もはやこの7時間のフライトだけが唯一ではないかとは言い過ぎだろうか。

 

だいたい機内に搭乗してからは何かと忙しい。いまや機内は誘惑でいっぱいだ。

 

先ずは電動シートのセッティング確認。

寒いのは嫌いなので自席のともうひとつ隣のシートのブランケットを拝借して、足元と上半身をこっぽり包み込む。

CAが運んでくる
CAはおしぼり、ジュース、ヘッドフォンと次々に運んでくる。
新聞や雑誌も持ってくるからいちいち選ばなくてはならない。

 

これから始まる長い楽しみの時間に備えて、せっせっと自分のセッティングをしている忙しいときであるから、CAのサービスを受け答えするのは戦いでもある。

どっちが客なのか乗務員なのか分からない(笑)

以前のようにテイクオフを楽しんでる暇はない。

 

あの長い滑走路を全力で滑り、浮上する時の感覚。

昔はそれをワクワクしたものだが今はそんなものどうでもよい。

とにかく機乗してからは忙しいのだ。

 

配られた新聞にも一応は目を通さないと気がすまない。

雑誌は後でゆっくり読むとして、先ずは目の前のポケットに差し込まれた免税品マガジンはぜひとも確認しておきたい。

 

どうせフライトの度に何度も見ている同じ内容だろうが、もしや新しいアイテムが記載されてるかもという無理な期待(笑)

 

そして英語で書かれたインドネシアの案内雑誌。これがまた良い。

文章なんて英語で分かりはしないが、珍しい風景の写真や、素敵なヴィラ・リゾートの紹介など妙にワクワクしてしまう。

 

毎回の手順で一通りチェックを済ませた頃に飲み物が運ばれてくる。

ここでも時間を食う作業が強いられる。

 

ビールにするかワインを選ぶかで考えさせられるし、ビールならどの銘柄か、またワインなら赤か白か。

そんな事を考えていると時間がどんどん過ぎていく。

 

程よく2杯目の酒が欲しくなる頃のタイミングで今度は食事が運ばれてくる。

もうこっちのスケジュールはお構いなしに次々と提供されるサービス。

 

いったいいつになったらDVD鑑賞にたどり着けるのか?

機内での食事が終わった頃、新たな邪魔者がやってくる。

 

睡魔だ!

 

この頃には既に3杯か4杯目のアルコールが入っているので、当然やってくる眠気なのかもしれない。

 

しかし普段の生活で昼寝などしたこともないのだが、なぜか飛行機内では事情が違うのか?
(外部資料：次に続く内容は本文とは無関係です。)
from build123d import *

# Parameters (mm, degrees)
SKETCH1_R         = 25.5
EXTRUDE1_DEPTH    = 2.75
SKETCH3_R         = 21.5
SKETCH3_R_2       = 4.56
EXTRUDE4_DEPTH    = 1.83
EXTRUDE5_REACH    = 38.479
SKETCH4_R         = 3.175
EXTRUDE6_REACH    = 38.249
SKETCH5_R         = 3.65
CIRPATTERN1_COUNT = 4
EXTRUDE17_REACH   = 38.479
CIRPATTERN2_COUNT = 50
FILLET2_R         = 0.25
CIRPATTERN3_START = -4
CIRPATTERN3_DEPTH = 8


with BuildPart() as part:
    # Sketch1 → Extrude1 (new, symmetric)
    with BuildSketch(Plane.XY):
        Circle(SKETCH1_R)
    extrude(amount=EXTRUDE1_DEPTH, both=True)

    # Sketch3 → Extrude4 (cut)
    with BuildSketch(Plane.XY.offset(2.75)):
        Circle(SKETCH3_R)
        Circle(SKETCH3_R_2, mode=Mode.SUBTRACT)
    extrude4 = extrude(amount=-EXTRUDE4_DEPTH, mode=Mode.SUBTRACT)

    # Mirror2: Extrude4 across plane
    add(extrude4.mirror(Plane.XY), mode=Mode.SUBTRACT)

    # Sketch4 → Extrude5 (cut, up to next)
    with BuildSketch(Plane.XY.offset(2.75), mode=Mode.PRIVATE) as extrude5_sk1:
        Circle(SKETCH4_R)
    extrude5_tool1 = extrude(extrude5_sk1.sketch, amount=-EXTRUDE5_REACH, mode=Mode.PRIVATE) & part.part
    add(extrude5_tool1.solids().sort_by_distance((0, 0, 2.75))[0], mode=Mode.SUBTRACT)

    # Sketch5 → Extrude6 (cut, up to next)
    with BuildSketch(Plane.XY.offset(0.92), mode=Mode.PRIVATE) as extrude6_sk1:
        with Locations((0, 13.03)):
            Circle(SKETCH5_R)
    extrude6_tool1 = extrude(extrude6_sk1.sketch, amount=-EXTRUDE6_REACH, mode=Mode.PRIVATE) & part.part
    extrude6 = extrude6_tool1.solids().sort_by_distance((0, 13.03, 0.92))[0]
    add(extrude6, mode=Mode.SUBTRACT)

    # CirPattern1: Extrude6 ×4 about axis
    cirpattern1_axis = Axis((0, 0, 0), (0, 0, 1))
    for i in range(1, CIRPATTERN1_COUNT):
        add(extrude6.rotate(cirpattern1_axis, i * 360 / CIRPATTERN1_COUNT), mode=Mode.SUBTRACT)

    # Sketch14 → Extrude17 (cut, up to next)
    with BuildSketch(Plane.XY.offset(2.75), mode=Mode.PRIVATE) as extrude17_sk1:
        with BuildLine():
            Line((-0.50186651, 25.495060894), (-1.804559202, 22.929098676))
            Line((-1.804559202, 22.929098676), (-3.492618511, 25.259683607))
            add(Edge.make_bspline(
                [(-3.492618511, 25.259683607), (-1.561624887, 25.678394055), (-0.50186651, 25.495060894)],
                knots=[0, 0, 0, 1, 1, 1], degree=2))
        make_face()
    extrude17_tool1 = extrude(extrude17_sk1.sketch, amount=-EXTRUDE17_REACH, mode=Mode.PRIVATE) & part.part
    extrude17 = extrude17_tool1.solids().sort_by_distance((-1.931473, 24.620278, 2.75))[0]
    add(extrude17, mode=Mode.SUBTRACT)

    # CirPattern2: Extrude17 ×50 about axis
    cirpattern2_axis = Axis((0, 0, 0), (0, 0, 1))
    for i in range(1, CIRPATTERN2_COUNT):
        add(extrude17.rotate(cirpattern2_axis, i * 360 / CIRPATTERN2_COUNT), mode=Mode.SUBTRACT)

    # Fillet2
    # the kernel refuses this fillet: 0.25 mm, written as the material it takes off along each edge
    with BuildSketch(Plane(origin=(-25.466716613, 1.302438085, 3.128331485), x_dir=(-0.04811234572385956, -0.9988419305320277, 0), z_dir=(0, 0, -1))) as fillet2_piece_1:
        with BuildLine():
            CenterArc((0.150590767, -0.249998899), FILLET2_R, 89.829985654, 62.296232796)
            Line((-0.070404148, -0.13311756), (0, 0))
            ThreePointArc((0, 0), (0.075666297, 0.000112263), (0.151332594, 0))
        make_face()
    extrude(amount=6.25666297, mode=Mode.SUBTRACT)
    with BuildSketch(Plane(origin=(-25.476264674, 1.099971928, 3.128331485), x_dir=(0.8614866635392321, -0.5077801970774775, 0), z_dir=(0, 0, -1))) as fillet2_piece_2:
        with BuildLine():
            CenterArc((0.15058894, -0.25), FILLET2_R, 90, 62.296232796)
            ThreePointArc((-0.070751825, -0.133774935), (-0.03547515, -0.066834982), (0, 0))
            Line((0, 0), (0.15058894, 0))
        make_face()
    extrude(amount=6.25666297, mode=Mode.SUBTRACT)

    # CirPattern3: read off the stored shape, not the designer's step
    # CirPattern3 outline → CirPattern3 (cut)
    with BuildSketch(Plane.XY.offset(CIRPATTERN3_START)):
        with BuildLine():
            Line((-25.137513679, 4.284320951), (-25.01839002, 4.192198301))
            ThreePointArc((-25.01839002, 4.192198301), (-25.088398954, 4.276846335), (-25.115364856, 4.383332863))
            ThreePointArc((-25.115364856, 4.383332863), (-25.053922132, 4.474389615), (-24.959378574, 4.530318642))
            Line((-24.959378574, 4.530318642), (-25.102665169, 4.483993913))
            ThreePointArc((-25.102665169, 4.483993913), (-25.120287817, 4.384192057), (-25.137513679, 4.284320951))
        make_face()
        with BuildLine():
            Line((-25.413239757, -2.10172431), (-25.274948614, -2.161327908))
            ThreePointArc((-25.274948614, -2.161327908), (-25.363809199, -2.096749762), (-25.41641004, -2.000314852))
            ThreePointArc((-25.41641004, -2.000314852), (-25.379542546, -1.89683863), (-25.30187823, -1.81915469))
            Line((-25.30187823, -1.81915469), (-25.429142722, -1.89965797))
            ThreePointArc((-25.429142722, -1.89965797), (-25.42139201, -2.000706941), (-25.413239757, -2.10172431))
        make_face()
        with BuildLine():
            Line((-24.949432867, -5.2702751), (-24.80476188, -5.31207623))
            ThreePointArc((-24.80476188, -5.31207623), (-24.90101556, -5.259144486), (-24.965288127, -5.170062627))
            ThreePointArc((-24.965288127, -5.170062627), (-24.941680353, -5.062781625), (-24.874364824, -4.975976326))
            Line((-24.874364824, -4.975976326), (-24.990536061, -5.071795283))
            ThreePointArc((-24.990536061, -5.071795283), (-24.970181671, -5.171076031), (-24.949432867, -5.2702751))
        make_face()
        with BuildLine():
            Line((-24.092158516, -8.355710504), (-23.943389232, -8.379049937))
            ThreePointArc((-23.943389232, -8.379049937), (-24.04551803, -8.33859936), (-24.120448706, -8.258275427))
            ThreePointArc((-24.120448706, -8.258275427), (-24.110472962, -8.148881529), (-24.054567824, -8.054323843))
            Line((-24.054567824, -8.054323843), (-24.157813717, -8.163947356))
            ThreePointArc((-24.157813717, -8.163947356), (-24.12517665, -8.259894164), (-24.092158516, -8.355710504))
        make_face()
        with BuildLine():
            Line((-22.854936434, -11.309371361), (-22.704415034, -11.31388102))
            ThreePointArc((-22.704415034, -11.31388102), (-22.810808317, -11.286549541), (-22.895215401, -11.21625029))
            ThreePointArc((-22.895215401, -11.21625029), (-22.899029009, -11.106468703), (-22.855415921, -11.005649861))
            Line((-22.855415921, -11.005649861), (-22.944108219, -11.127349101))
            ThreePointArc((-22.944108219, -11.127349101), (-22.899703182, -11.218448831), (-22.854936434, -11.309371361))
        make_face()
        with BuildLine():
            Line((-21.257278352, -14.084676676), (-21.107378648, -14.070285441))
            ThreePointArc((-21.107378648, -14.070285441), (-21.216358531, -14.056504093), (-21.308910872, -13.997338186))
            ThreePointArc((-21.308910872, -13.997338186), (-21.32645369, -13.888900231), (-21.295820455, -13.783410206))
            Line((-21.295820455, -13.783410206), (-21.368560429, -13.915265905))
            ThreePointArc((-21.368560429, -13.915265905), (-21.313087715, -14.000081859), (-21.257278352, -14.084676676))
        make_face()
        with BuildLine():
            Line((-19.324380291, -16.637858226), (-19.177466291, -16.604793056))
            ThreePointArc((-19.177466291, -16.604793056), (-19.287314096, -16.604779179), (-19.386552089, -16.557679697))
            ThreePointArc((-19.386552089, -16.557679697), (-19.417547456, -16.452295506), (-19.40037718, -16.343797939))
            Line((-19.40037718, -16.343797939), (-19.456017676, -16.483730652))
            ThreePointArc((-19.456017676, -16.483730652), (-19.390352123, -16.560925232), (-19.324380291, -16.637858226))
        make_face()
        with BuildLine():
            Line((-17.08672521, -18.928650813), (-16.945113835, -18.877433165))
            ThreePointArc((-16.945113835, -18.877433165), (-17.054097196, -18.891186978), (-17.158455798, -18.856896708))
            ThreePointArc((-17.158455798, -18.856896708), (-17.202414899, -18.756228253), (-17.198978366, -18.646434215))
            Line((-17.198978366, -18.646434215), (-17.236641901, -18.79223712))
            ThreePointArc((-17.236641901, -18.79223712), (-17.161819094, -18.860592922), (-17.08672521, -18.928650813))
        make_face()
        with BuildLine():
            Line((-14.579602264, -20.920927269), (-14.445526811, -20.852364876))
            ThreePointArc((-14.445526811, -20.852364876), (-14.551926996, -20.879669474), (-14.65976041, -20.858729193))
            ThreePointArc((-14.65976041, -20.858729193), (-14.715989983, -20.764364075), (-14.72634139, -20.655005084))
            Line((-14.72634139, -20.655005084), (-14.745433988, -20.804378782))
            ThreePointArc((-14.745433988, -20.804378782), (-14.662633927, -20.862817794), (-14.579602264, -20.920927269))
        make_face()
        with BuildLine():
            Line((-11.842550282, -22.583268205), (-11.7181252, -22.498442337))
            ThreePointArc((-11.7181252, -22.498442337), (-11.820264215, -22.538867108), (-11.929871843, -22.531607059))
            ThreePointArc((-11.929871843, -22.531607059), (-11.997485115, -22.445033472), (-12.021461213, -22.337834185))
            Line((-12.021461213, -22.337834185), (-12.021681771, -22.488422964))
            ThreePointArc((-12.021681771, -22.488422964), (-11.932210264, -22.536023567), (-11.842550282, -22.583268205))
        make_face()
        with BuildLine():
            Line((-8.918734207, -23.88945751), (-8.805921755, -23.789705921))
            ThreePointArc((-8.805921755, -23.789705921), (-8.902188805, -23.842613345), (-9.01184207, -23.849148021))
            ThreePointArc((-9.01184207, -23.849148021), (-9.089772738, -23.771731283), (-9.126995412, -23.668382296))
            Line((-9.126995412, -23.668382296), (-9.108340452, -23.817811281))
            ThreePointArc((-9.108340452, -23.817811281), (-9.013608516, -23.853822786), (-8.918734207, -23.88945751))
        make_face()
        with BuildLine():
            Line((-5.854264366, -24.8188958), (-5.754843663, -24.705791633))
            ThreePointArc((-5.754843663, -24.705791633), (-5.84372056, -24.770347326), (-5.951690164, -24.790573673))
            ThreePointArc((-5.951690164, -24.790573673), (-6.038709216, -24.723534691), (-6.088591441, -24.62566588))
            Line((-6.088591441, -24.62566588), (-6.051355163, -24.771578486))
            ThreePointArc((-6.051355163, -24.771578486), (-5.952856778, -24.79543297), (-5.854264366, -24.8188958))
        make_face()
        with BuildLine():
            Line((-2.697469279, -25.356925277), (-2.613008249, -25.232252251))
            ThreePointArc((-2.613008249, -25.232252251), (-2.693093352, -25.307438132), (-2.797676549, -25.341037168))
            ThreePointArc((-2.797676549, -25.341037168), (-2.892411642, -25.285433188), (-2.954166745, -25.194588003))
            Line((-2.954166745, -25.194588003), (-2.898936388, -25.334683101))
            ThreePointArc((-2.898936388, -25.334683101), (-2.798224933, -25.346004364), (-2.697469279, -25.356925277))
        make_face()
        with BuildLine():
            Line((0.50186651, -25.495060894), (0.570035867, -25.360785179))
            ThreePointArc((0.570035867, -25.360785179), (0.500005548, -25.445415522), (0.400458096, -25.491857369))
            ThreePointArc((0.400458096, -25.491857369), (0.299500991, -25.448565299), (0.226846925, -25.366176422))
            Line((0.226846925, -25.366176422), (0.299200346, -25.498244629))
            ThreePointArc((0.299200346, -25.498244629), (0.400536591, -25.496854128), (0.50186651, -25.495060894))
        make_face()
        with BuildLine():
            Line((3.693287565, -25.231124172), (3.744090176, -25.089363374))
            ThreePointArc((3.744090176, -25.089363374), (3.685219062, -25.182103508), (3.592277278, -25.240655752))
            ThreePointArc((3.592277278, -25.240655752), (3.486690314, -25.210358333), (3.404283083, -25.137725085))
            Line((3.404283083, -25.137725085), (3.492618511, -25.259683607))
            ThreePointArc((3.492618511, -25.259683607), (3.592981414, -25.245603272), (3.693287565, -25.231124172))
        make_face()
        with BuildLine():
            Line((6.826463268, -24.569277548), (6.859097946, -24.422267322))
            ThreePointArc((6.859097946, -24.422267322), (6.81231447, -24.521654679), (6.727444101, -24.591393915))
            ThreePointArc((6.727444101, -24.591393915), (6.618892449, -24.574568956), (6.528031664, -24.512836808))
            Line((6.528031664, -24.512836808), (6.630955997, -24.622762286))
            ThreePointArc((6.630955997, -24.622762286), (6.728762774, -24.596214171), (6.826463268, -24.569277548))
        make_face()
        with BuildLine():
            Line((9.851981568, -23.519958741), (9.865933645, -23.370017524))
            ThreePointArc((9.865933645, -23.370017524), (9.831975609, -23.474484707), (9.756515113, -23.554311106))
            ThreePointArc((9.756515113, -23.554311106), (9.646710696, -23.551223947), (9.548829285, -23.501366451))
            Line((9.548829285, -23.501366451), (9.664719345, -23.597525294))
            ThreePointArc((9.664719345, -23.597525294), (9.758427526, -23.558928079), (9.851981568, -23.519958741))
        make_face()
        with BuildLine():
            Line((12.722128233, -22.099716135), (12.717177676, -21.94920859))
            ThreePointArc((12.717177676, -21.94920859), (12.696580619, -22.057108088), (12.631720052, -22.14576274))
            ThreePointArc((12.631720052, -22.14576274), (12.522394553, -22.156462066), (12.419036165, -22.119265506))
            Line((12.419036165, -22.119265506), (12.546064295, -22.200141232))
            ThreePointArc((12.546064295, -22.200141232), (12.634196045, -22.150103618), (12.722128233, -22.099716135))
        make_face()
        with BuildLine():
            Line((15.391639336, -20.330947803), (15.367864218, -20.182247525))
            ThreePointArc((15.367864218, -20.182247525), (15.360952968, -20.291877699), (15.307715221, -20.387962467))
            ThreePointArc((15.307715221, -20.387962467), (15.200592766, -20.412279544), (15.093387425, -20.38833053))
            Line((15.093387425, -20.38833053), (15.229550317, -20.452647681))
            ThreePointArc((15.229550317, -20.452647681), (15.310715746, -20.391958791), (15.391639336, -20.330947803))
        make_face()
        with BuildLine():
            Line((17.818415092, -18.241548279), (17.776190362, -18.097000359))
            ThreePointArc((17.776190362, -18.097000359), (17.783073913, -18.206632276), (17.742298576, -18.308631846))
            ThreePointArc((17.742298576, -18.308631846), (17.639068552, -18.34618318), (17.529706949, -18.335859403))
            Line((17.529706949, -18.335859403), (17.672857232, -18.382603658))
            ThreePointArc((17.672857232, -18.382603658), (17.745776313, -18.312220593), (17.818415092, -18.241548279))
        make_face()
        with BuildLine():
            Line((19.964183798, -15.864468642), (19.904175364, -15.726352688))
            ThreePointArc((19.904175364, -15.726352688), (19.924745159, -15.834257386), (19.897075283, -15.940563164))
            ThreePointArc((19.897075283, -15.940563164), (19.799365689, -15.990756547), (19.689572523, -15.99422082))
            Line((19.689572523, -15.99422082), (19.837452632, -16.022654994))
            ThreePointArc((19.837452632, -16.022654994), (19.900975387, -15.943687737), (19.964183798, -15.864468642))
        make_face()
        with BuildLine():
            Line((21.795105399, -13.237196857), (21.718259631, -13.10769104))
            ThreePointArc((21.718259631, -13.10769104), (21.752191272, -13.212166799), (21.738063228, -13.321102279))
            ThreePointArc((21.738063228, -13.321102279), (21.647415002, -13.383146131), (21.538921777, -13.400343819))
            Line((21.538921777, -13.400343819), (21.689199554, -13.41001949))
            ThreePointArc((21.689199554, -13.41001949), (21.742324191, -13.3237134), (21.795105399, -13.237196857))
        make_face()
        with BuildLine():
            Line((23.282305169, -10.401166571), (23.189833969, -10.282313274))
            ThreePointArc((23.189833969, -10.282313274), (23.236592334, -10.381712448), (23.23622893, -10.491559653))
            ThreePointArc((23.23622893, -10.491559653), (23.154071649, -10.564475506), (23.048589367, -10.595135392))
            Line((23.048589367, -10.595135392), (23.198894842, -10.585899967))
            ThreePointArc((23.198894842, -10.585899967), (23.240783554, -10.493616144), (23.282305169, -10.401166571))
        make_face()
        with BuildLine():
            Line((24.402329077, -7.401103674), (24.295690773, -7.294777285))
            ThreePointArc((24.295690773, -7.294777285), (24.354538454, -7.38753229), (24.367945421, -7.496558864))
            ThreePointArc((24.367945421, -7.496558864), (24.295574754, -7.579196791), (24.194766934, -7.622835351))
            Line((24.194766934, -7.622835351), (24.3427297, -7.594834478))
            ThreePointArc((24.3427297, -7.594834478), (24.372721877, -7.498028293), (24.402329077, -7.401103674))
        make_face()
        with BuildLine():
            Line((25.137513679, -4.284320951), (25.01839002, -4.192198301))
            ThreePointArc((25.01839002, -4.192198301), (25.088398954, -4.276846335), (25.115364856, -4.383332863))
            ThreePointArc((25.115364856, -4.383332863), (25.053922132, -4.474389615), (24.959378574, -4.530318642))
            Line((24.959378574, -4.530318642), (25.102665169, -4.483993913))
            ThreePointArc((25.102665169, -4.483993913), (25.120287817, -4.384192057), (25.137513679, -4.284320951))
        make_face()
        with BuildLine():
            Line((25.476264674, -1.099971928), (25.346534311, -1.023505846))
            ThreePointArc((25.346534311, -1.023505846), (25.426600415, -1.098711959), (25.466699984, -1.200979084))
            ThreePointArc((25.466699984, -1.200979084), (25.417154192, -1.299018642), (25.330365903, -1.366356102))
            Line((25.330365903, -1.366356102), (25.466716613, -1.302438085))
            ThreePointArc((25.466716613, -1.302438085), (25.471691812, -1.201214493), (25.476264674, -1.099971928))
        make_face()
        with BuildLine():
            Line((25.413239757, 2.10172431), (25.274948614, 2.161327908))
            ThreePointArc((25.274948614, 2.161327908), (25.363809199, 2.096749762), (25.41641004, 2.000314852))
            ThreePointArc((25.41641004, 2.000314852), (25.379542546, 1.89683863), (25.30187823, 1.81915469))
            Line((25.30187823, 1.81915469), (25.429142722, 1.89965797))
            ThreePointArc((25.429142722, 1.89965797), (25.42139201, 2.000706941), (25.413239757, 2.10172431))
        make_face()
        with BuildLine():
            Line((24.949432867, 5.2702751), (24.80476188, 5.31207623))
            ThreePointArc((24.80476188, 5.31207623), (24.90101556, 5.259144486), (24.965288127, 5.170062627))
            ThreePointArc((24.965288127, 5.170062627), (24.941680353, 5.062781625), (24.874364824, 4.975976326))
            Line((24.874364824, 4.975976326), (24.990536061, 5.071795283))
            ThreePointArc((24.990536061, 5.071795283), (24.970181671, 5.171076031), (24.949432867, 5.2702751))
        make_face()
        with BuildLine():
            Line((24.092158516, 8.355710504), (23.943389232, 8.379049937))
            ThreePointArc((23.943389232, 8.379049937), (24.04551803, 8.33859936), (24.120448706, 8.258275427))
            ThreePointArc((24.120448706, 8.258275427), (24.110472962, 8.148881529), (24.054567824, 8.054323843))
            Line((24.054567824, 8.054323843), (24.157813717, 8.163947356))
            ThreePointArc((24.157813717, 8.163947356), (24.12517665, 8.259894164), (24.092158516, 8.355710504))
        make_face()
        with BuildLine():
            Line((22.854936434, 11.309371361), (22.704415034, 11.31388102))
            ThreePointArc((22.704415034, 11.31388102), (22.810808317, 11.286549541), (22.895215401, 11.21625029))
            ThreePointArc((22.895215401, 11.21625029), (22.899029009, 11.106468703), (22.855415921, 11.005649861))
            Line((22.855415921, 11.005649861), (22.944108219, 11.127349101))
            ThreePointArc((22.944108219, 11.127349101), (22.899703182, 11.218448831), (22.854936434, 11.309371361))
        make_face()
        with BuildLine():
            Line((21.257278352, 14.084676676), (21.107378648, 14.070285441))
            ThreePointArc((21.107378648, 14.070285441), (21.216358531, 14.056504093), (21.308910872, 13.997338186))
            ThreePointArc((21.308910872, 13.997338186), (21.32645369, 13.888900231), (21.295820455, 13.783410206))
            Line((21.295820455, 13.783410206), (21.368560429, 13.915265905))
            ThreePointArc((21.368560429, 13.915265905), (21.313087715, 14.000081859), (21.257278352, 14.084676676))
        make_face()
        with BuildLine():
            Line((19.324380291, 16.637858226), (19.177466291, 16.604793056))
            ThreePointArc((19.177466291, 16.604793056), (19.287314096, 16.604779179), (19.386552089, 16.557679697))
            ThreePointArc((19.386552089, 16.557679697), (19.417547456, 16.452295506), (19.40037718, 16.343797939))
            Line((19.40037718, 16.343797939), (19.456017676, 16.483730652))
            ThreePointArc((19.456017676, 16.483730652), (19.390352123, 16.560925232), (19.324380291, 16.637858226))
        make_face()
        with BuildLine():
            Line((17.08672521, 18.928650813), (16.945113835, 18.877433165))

隔離された空間、束縛されたスペースでは人間は本能的に眠ろうとするのかも。

 

動くことができない状態ではやる事がないので眠るしかないのなら分かる。

でも僕の場合は違う。

やりたい事がいっぱいあるのにだ。

 

しかしそれでも睡魔に負けていられない。何しろ限られた時間にやりたい事はいっぱいあるのだ。

 

座席ベルトを外しトイレに立つ。先ずはアルコールを身体から出さなくては。

 

無理やりバッグからアイテムを引っ張り出してくる。

ウォークマンのヘッドフォンを耳にかけ、右手にアイ・フォン左手に単行本。

とにかく睡魔を追い払おうと無茶苦茶だ。

 

ヘッドフォンから聞こえる音楽が心地よい。

手にした小説の文字が次第に霞んでくる。